A missão da própria Igreja Católica é trazer essa urgência para a sociedade, ou seja, que todas as instituições ponham nesta perspetiva do cuidado da potencial vítima um centro fundamental da sua organização. Por isso, é necessário criar mecanismos. É preciso ferramentas organizacionais que permitam claramente acompanhar este problema.

Não deveríamos ir num sentido ainda mais radical, de repensar realmente a estrutura da Igreja, por exemplo com um novo Concílio?

Eu diria que o Papa Francisco terá feito essa pergunta a si próprio. Qual é o instrumento mais adequado para mobilizar esta transformação da Igreja Católica? Acho que o Papa terá percebido que fazer hoje um concílio impõe dificuldades que não são fáceis de ultrapassar.

Só a reunião de todos os bispos importa uma escala incomparável com aquilo que foi o Concílio Vaticano II. Seria necessário criar uma outra metodologia para a construção do próprio Concílio.

Por outro lado, tendo presente que tivemos um pontificado muito longo, de João Paulo II, que estruturou bastante as igrejas locais a partir de um projeto com o qual o Papa Francisco não rompe totalmente, mas eu diria que assume claras diferenças, a reunião de um Concílio podia não reunir sensibilidades suficientes para conduzir a Igreja nesse projeto de reforma que o Papa Francisco pretende.

Por isso, escolheu uma outra via que é este processo sinodal alargado. Julgo que, na ótica do programa reformista do Papa Francisco, este projeto sinodal visaria atingir o mesmo objetivo que eventualmente João XXIII obteve com a convocação do Concílio Vaticano II. E nesse sentido, estamos num trânsito que é difícil de avaliar.

Este sínodo enfrenta uma dificuldade - por um lado é extremamente inovador, por outro lado não tem uma gramática totalmente construída. Para mim, é claro que o Papa Francisco escolhe este modelo como modelo reformista, esperando que esta pressão da experiência cristã das bases, das comunidades reflua sobre a própria instituição e a possa transformar.
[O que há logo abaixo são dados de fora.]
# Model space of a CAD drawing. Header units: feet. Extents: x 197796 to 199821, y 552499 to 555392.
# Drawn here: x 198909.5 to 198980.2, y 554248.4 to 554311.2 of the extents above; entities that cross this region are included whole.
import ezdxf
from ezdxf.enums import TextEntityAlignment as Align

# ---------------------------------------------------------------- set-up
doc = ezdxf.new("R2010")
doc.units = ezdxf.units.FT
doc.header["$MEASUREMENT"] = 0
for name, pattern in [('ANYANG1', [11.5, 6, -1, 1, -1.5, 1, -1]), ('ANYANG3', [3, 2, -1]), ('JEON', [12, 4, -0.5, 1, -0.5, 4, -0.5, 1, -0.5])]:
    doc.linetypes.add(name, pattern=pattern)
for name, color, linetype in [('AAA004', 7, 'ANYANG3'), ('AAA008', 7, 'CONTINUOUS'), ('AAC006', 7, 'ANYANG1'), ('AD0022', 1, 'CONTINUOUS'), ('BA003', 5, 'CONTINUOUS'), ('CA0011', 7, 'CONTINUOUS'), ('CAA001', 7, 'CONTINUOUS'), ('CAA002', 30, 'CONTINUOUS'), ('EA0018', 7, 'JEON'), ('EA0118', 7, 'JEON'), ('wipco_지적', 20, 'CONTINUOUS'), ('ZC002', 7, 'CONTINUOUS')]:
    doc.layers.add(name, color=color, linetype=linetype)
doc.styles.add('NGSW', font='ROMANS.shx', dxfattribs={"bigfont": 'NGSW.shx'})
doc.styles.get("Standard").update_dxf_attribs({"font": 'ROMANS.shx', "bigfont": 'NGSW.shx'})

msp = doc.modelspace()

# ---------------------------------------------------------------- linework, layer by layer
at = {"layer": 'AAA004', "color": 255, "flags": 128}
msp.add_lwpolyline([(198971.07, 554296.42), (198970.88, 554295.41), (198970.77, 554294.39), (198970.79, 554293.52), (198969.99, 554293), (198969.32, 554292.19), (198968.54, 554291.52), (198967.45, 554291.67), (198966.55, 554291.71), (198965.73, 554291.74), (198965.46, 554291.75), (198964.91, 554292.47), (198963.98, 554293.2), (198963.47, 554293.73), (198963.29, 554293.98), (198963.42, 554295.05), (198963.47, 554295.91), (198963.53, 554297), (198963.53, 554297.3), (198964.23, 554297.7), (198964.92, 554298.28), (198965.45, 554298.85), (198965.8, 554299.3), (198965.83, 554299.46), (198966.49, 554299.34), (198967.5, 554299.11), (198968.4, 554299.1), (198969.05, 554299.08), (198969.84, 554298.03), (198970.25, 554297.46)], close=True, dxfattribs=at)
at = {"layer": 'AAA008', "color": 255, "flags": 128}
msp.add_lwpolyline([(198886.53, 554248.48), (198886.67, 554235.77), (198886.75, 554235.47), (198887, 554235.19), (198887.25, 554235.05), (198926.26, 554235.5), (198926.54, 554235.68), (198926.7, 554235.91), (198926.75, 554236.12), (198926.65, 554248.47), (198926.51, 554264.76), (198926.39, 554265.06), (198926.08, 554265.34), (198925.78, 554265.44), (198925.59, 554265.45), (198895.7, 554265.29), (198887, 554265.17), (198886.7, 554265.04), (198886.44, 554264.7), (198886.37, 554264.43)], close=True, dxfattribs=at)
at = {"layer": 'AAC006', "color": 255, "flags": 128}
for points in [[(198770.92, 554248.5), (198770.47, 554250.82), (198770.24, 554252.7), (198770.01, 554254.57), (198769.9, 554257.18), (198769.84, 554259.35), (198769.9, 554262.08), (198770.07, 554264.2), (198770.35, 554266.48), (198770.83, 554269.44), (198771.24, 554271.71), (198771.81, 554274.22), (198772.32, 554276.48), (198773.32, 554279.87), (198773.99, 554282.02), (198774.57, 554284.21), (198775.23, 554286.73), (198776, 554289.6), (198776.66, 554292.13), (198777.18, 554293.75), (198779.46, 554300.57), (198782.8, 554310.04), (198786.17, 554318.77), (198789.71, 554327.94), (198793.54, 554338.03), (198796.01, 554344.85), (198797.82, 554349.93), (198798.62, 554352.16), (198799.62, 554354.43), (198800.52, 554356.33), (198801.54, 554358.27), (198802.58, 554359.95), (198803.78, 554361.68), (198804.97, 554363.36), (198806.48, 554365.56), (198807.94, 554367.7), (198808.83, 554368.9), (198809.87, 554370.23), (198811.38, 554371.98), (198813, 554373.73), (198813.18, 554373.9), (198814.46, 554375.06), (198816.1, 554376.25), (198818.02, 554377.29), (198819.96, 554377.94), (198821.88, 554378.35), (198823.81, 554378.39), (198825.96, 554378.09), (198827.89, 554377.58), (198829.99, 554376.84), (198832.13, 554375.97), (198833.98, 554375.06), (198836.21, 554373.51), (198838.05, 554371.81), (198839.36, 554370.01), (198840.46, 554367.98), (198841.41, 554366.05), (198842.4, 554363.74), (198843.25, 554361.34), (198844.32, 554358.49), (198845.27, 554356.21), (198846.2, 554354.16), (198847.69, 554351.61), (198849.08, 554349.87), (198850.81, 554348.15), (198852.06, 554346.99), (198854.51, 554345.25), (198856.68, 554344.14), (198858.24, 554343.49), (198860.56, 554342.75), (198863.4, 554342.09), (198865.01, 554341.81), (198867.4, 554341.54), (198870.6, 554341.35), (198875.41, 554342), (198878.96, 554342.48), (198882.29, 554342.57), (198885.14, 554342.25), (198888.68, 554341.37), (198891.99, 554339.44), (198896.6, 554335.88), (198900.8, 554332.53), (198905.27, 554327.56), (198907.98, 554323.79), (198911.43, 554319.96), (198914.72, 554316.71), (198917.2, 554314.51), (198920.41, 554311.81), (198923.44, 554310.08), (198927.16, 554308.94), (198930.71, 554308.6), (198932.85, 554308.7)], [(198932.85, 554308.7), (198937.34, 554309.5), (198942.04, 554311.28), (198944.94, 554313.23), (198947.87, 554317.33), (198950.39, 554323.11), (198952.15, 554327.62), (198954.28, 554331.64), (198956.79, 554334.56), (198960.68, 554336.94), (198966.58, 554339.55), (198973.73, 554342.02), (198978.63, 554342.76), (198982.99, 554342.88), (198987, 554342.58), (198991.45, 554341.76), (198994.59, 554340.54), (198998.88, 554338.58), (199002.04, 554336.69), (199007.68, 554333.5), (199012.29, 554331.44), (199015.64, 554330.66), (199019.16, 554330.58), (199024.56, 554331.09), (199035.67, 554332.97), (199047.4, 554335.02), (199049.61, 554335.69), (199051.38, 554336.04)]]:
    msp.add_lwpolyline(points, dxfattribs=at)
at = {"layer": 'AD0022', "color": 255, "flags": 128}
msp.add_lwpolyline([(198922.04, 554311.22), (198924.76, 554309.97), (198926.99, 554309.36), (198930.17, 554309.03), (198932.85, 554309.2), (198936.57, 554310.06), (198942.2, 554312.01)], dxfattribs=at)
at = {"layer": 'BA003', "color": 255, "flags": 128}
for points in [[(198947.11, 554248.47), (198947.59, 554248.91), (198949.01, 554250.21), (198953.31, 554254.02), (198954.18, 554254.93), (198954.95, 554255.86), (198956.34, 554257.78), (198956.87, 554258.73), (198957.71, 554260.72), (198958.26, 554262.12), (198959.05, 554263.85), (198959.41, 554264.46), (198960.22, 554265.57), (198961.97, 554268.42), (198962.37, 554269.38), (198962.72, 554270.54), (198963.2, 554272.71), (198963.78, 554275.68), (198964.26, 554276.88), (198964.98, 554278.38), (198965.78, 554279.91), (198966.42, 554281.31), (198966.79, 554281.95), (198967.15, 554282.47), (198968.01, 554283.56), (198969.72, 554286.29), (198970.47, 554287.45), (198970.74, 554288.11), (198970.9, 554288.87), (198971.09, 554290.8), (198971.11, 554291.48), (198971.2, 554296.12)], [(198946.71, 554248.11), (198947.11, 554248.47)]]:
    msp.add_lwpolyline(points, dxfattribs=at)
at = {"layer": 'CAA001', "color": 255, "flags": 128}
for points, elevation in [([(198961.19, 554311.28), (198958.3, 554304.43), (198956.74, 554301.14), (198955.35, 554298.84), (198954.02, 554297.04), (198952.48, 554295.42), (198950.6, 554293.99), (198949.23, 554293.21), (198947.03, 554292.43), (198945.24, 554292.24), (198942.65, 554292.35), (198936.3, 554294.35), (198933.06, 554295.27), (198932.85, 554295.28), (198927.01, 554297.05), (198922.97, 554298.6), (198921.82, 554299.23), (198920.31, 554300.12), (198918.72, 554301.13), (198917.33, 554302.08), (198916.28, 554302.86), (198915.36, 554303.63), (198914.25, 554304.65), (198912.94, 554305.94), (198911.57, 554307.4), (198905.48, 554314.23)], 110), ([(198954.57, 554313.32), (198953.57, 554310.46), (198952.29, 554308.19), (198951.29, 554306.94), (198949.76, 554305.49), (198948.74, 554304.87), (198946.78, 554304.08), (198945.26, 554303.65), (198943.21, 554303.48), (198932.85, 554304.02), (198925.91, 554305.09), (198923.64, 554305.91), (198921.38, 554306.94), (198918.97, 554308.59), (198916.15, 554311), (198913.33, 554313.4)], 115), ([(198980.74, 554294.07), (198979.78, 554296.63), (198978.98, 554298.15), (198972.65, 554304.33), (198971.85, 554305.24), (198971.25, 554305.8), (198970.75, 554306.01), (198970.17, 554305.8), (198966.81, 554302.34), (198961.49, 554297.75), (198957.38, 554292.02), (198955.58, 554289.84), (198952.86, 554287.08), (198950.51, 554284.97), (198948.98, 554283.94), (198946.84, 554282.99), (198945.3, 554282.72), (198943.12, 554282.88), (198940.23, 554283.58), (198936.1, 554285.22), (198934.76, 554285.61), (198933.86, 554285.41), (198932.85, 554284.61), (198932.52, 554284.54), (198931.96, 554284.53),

Não deixa de ser curioso que, por exemplo, a síntese nacional, no caso português, tenha escolhido claramente não esconder o mal-estar que muitos católicos sentem em relação a muitos problemas da Igreja Católica. É uma síntese que assume claramente a dimensão de crise, ou seja, de ver o presente da Igreja Católica como um presente de crise. E, portanto, eu diria que há sinais de que este processo possa refluir de facto sobre a instituição.

Embora eu, que trabalho mais na área da antropologia das instituições, como estamos perante um processo que não tem uma gramática ainda suficientemente estruturada, é difícil ainda perceber como é que, de facto, todo este movimento de base pode transformar uma estrutura que, como sabemos, é uma estrutura fortemente hierárquica.